Info : clock speed 3000 kHz
Info : JTAG tap: riscv.cpu tap/device found: 0x20000913 (mfg: 0x489 (SiFive, Inc.), part: 0x0000, ver: 0x2)
Info : datacount=2 progbufsize=16
Error: unable to halt hart 0
Error:   dmcontrol=0x80000001
Error:   dmstatus =0x00030c82
Error: Fatal: Hart 0 failed to halt during examine()
Info : Listening on port 3333 for gdb connections
Error: Target not examined yet

[And then OpenOCD quits, meaning I can't connect to it and execute a command.]reset halt

For FPGA, you can download a bitstream programming file to your hardware device and use OpenOCD again. I think other devices can use a similar method.

timsifive commented 2 years ago

I agree this sucks. There's a bit of a chicken and egg problem due to the way OpenOCD initializes. You can't run reset until init has happened, and init requires examine which needs to be able to halt the target. The hack I'm converging on is to make it acceptable for examine to fail early on, but I'm not actively working on that.

sifiverobert commented 2 years ago

I was working abound it by doing custom OPENOCD script (which suspended polling ...) Good debuggers should consider 'bad core' (or always running ...) core as acceptable state. Unfortunately GDB only knows two "running/stopped" states (as it was designed to debug high-level applications in Linux). Changing it can be very painful and very costly.

Spegs21 commented 2 years ago

Having the same issue on a custom RocketChip. I've tried overriding jtag_init with customized TRST and SRST logic per the OpenOCD documentation but it doesn't seem to help much. It is also more prevalent at higher clock speeds. 150 MHz works somewhat reliably but 300 MHz never works.

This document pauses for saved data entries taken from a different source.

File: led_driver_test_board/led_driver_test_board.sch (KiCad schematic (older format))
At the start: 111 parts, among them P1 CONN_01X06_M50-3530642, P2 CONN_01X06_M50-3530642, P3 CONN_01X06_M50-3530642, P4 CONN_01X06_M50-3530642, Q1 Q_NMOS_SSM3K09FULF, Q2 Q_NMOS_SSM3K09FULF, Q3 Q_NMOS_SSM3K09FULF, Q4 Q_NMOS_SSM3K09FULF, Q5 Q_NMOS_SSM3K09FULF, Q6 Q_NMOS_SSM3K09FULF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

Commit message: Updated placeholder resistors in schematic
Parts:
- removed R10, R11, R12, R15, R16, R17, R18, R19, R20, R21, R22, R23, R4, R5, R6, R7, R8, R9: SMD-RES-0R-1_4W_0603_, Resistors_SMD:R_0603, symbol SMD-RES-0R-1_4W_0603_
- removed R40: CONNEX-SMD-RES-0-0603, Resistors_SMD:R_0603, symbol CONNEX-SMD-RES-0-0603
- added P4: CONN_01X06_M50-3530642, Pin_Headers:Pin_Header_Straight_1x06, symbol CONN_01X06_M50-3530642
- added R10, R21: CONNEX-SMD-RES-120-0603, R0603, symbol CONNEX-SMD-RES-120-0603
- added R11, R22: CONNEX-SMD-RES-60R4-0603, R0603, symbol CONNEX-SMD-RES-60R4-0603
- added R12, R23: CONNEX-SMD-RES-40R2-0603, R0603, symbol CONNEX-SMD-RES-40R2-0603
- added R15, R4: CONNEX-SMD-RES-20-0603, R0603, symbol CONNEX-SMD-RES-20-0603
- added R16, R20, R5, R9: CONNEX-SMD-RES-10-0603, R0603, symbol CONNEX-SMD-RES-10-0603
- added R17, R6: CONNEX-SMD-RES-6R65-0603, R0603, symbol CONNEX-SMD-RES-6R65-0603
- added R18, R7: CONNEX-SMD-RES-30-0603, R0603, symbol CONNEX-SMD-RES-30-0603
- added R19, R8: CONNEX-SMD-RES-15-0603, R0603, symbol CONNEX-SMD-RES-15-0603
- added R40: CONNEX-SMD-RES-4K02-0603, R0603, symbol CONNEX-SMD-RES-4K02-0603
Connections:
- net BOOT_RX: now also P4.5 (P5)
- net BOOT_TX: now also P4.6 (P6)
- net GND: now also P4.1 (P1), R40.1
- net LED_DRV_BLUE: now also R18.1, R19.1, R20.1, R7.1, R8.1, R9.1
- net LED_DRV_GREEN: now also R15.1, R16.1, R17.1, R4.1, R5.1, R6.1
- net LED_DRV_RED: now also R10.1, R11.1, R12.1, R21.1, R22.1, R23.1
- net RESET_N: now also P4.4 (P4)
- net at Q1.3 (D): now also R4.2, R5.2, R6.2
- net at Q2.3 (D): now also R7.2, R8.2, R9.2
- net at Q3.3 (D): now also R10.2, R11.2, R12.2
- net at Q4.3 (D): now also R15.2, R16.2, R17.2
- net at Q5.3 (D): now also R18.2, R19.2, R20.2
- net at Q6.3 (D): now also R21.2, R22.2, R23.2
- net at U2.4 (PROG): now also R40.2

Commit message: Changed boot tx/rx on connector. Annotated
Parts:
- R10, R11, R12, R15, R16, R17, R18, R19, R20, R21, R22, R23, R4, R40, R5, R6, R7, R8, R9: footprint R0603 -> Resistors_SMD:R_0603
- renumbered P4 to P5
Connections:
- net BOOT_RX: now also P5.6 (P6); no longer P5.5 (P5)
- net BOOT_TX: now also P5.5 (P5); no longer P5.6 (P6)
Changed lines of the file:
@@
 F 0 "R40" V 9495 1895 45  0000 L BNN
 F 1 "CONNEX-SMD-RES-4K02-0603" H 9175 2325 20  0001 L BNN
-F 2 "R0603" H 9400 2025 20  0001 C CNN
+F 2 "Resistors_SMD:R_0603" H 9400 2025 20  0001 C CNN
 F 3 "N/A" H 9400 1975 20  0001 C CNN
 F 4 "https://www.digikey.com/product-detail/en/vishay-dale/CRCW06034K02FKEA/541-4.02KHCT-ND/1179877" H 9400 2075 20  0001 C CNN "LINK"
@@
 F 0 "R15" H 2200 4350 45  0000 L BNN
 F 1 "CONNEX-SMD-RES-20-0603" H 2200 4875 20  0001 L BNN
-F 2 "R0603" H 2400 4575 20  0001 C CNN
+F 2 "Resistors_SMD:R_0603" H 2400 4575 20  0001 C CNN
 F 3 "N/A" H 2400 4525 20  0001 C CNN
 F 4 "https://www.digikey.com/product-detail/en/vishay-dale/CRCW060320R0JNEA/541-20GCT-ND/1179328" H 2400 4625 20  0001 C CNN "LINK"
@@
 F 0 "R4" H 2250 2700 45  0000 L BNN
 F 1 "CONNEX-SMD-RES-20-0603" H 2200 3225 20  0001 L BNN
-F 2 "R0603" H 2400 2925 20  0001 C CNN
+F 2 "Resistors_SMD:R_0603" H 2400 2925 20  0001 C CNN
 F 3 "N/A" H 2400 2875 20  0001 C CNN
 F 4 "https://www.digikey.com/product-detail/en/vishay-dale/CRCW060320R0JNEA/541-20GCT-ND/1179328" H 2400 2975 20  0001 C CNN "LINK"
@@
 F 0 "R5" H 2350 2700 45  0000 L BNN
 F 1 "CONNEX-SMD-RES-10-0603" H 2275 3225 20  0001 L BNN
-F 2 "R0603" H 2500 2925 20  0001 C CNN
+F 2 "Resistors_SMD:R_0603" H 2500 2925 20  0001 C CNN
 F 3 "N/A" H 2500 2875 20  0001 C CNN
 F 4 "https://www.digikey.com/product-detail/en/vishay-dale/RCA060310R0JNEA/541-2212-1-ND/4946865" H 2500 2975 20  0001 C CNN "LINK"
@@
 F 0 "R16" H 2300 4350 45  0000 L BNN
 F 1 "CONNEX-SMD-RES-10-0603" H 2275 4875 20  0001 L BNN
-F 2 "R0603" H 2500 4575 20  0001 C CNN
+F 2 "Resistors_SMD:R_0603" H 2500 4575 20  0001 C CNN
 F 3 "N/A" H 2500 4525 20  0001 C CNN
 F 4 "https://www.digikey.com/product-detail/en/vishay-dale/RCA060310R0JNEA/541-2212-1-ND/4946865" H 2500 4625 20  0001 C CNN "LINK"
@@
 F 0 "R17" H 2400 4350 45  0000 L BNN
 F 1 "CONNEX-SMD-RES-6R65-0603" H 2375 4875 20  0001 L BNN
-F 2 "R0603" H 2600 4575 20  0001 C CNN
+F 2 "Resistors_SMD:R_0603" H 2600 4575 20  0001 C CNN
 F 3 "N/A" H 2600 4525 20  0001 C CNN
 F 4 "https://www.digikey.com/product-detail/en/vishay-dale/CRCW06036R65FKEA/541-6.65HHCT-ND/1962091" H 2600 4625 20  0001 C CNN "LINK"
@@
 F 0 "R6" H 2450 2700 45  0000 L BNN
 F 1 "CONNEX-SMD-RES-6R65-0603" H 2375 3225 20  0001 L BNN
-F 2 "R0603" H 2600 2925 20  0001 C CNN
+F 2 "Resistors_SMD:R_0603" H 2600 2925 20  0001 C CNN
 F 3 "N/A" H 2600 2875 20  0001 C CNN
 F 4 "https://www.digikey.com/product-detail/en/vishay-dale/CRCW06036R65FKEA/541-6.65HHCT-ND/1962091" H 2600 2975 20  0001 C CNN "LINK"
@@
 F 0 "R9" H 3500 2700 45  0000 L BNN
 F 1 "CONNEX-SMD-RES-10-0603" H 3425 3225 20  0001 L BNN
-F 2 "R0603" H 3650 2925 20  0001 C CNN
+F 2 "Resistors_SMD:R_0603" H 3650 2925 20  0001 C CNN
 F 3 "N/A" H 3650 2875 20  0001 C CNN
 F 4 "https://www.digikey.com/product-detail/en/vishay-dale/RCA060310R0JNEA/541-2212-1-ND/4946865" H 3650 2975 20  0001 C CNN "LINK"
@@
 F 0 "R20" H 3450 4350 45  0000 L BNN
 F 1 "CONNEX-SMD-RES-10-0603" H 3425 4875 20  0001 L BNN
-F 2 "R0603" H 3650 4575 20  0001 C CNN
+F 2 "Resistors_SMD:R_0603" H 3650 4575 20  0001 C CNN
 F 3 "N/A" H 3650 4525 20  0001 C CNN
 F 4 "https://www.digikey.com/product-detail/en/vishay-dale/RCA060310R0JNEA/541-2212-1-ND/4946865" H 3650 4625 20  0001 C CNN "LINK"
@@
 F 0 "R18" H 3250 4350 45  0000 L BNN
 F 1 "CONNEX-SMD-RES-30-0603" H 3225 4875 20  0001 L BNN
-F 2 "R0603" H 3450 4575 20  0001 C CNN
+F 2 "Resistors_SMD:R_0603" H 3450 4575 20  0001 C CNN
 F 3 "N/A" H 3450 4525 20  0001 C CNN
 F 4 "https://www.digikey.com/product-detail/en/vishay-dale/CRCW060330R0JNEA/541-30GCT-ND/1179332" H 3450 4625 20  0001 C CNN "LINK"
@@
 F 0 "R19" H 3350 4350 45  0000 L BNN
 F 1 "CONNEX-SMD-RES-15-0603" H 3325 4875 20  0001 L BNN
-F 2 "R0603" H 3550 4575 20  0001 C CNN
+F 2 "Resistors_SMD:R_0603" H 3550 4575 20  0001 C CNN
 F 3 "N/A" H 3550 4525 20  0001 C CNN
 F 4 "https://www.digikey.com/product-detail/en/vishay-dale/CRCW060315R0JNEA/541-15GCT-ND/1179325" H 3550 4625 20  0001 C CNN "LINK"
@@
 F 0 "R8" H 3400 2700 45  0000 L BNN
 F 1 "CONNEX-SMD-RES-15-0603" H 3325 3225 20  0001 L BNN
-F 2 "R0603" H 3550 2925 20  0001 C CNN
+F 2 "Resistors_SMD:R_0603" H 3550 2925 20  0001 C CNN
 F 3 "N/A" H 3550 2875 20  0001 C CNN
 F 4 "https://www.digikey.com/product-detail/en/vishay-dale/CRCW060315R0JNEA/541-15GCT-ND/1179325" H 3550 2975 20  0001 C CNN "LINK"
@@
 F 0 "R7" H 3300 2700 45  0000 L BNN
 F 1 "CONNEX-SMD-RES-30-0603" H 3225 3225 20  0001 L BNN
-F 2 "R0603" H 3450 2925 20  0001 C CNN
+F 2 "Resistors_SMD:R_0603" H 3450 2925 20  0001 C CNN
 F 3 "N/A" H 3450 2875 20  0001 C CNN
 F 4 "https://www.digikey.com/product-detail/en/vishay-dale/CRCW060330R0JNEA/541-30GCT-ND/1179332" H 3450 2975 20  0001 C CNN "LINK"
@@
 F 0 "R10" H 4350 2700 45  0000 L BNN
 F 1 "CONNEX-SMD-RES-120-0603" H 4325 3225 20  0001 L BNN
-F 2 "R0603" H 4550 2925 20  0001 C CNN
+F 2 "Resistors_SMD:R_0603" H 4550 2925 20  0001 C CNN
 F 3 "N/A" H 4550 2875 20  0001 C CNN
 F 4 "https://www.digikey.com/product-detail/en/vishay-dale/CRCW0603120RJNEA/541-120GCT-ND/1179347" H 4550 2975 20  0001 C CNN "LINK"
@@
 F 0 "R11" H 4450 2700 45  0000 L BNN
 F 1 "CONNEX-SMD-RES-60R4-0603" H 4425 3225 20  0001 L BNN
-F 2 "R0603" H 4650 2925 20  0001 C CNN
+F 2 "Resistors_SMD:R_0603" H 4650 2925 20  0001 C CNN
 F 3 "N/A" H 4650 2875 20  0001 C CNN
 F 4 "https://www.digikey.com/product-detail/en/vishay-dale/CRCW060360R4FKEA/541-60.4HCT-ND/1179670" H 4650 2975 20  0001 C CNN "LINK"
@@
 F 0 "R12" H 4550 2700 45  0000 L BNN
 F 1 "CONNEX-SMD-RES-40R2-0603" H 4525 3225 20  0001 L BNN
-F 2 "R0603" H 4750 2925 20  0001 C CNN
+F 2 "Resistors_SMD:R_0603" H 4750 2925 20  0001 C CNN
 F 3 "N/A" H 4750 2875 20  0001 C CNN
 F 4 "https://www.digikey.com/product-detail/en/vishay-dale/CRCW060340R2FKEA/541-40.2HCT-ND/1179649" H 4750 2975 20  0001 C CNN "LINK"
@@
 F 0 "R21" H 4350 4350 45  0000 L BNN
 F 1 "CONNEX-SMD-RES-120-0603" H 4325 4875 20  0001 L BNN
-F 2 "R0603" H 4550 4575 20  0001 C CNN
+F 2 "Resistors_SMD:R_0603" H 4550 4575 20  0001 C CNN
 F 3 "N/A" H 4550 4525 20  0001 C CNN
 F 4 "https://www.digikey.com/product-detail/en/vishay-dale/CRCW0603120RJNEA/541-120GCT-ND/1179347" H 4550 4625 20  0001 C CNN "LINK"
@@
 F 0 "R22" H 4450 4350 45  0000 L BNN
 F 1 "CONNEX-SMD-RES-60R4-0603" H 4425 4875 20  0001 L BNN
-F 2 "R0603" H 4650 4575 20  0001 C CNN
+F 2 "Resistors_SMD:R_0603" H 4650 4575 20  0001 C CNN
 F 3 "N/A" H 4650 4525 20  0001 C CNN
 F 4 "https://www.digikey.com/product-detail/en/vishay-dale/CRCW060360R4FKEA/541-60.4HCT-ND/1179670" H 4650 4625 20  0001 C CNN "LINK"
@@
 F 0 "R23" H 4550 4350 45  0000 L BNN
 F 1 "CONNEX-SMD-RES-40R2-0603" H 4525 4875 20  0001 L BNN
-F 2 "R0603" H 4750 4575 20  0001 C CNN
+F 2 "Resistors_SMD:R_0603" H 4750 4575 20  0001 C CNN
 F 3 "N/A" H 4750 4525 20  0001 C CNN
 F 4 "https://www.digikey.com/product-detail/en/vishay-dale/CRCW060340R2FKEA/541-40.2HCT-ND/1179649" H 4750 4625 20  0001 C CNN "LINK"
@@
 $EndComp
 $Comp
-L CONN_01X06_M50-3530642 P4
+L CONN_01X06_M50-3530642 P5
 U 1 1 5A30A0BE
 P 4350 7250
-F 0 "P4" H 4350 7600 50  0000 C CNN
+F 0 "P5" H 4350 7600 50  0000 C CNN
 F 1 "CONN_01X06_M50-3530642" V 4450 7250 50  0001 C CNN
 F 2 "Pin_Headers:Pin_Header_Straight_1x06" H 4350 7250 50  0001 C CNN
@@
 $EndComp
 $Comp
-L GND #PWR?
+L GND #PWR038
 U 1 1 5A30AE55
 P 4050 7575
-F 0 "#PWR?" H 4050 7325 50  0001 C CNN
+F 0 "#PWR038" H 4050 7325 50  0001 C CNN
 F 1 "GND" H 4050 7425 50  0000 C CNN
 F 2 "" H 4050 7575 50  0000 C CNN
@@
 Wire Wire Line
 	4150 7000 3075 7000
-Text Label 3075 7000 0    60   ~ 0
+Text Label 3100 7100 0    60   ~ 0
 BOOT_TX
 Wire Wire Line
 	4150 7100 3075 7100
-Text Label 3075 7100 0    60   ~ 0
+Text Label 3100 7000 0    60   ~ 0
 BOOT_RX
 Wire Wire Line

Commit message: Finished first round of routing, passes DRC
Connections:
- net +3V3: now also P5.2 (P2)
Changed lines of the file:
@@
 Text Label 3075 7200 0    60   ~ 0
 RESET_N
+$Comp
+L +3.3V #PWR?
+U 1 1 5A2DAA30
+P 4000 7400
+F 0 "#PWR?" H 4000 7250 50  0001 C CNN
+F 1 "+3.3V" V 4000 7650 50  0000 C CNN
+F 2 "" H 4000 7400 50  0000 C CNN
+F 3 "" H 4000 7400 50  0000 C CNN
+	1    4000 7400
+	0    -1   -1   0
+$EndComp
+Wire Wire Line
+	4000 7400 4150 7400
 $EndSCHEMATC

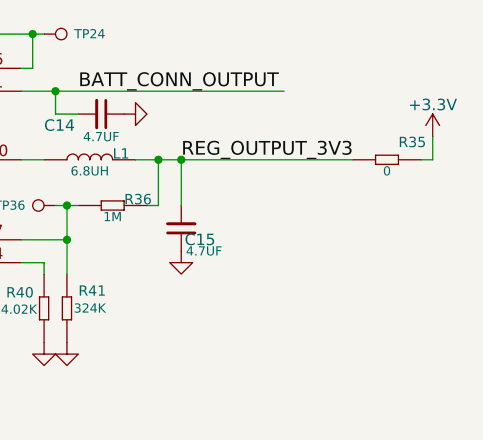
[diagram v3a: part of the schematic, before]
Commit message: Replaced R35 with correct BOM
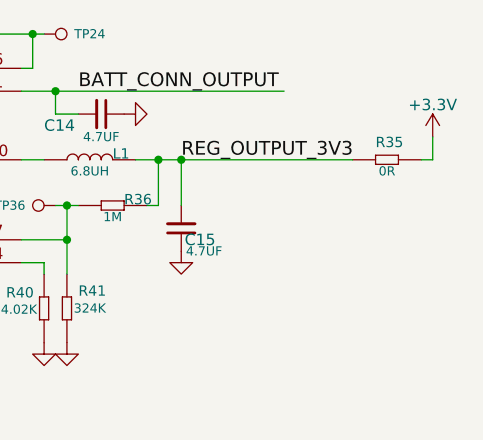
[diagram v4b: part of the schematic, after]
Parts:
- removed R35: CONNEX-SMD-RES-0-0603, Resistors_SMD:R_0603, symbol CONNEX-SMD-RES-0-0603
- added R35: SMD-RES-0R-1_4W_0603_, Resistors_SMD:R_0603, symbol SMD-RES-0R-1_4W_0603_
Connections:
- net +3V3: now also R35.2
- net REG_OUTPUT_3V3: now also R35.1
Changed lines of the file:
@@
 $EndComp
 Connection ~ 9350 650
-$Comp
-L CONNEX-SMD-RES-0-0603 R35
-U 1 1 5A2D981F
-P 10900 1200
-F 0 "R35" H 10950 1250 45  0000 L BNN
-F 1 "CONNEX-SMD-RES-0-0603" H 10700 1675 20  0001 L BNN
-F 2 "Resistors_SMD:R_0603" H 10900 1375 20  0001 C CNN
-F 3 "N/A" H 10900 1325 20  0001 C CNN
-F 4 "https://www.digikey.com/product-detail/en/vishay-dale/CRCW06030000Z0EAHP/541-0.0SBCT-ND/2222749" H 10900 1425 20  0001 C CNN "LINK"
-F 5 "YES" H 10800 1250 20  0001 C CNN "PLACE"
-F 6 "CRCW06030000Z0EAHP" H 10900 1575 20  0001 C CNN "MPN"
-F 7 "VISHAY DALE" H 10900 1625 20  0001 C CNN "MANUFACTURER"
-F 8 "DIGIKEY" H 10900 1525 20  0001 C CNN "SUPPLIER"
-F 9 "0" H 10900 1150 40  0000 C CNN "RESISTANCE"
-F 10 "541-0.0SBCT-ND" H 10900 1475 20  0001 C CNN "SUPPLIER PART"
-	1    10900 1200
-	1    0    0    -1
-$EndComp
 Text Label 10000 1200 0    60   ~ 0
 REG_OUTPUT_3V3
@@
 RESET_N
 $Comp
-L +3.3V #PWR?
+L +3.3V #PWR039
 U 1 1 5A2DAA30
 P 4000 7400
-F 0 "#PWR?" H 4000 7250 50  0001 C CNN
+F 0 "#PWR039" H 4000 7250 50  0001 C CNN
 F 1 "+3.3V" V 4000 7650 50  0000 C CNN
 F 2 "" H 4000 7400 50  0000 C CNN
@@
 Wire Wire Line
 	4000 7400 4150 7400
+$Comp
+L SMD-RES-0R-1_4W_0603_ R35
+U 1 1 5A2E1E2C
+P 10900 1200
+F 0 "R35" H 10850 1250 45  0000 L BNN
+F 1 "SMD-RES-0R-1_4W_0603_" H 10825 1450 45  0001 L BNN
+F 2 "Resistors_SMD:R_0603" H 10900 1200 40  0001 C CNN
+F 3 "" H 10750 1250 40  0001 C CNN
+F 4 "0.15" H 11450 1950 60  0001 C CNN "COST (1X)"
+F 5 "541-0.0SBCT-ND" H 11250 1750 60  0001 C CNN "SUPPLIER PART"
+F 6 "DIGIKEY" H 11150 1650 60  0001 C CNN "SUPPLIER"
+F 7 "https://www.digikey.com/product-detail/en/vishay-dale/CRCW06030000Z0EAHP/541-0.0SBCT-ND/2222749" H 11350 1850 60  0001 C CNN "LINK"
+F 8 "VISHAY DALE" H 11050 1550 60  0001 C CNN "MANUFACTURER"
+F 9 "YES" H 11050 1325 60  0001 C CNN "PLACE"
+F 10 "CRCW06030000Z0EAHP" H 11050 1400 20  0001 C CNN "MPN"
+F 11 "0R" H 10900 1150 40  0000 C CNN "RESISTANCE"
+F 12 "0603" H 10925 1100 40  0001 C CNN "FP"
+	1    10900 1200
+	1    0    0    -1
+$EndComp
 $EndSCHEMATC

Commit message: Minor changes to schematic
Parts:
- removed C1, C2: connex_cap_100NF_0603_10V, Capacitors_SMD:C_0603, symbol connex_cap_100NF_0603_10V
- added C1, C2: CONNEX-SMD-CAP-10NF-0603, 0603, symbol CONNEX-SMD-CAP-10NF-0603
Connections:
- net GND: now also C1.2, C2.2
- net at C3.1, R13.2, U1.19 (AVDD_1)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: now also C1.1, C2.1
- no-connect marks 0 -> 1

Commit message: Minor changes
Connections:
- net LED_RED: no longer TP6.1
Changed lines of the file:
@@
 	1800 1500 1800 1750
 Connection ~ 1800 1750
-Wire Wire Line
-	1850 1500 1850 1850
 Connection ~ 1850 1850
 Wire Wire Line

sifiverobert commented 2 years ago

@Spegs21 - what clock are you talking about? Core clock or JTAG clock? JTAG front-end clock (TCK) is usually de-coupled from core clocks. When core runs fast, actions from JTAG have less time to act. There is a parameter to control delay in Run-Test/IDLE state. In general if halt-in-reset is implemented you should be always able to 'catch' the core. BTW: Try to NOT use nTRST (to make things simpler). JTAG state machine reset by 5+ TCK cycle (with TMS=high) is enough.

Spegs21 commented 2 years ago

@sifiverobert I'm talking about core clock in this case. We provide it externally. I've got it set up as a fixed clock in the DTS. We are providing a separate TCK at 1000 kHz.

I figured it had something to do with catching it, I just haven't had much luck figuring it out. For the Run-Test/IDLE state parameter and halt-in-reset function, are these OpenOCD options or dmcontrol options?

jimaandro commented 1 year ago

I had the same problem. The problem was created after rebooting the server hosting openocd and having the fpga connected to it. The server was running openocd when I rebooted and was writing a Linux Image on my CVA6 design. But I had previously released the CVA6 core from reset, so it was executing some baremetal code that I had previously write on memory. The openocd got stuck on writing the image, because HBM was busy. So I thought that rebooting my machine would fix the problem. And then I got the error you are talking about.

The solution was to connect my Debug module reset to an AXI to GPIO pin which was connected to a JTAG-to-AXI IP. Then I reset the Debug module and error was gone. So the connection was: JTAG-toAXI -> AXI-to-GPIO -> reset pin of Debug Module (and then with Tcl commands from Hardware manager of Vivado you can reset the Debug module)

I noticed that reprogramming the fpga and rebooting the server and reinstalling the OpenOCD didn't work.

aap-sc commented 5 months ago

@mwachs5 it's been a while since this issue was filed. However, I want't to notice that current OpenOCD version does not abort when we are unable to halt the hart. In fact it is even possible to reset the hart in some cases. I assume that the issue is fixed.

@mwachs5 do you still have the capability to double-check if this is the case in your environment?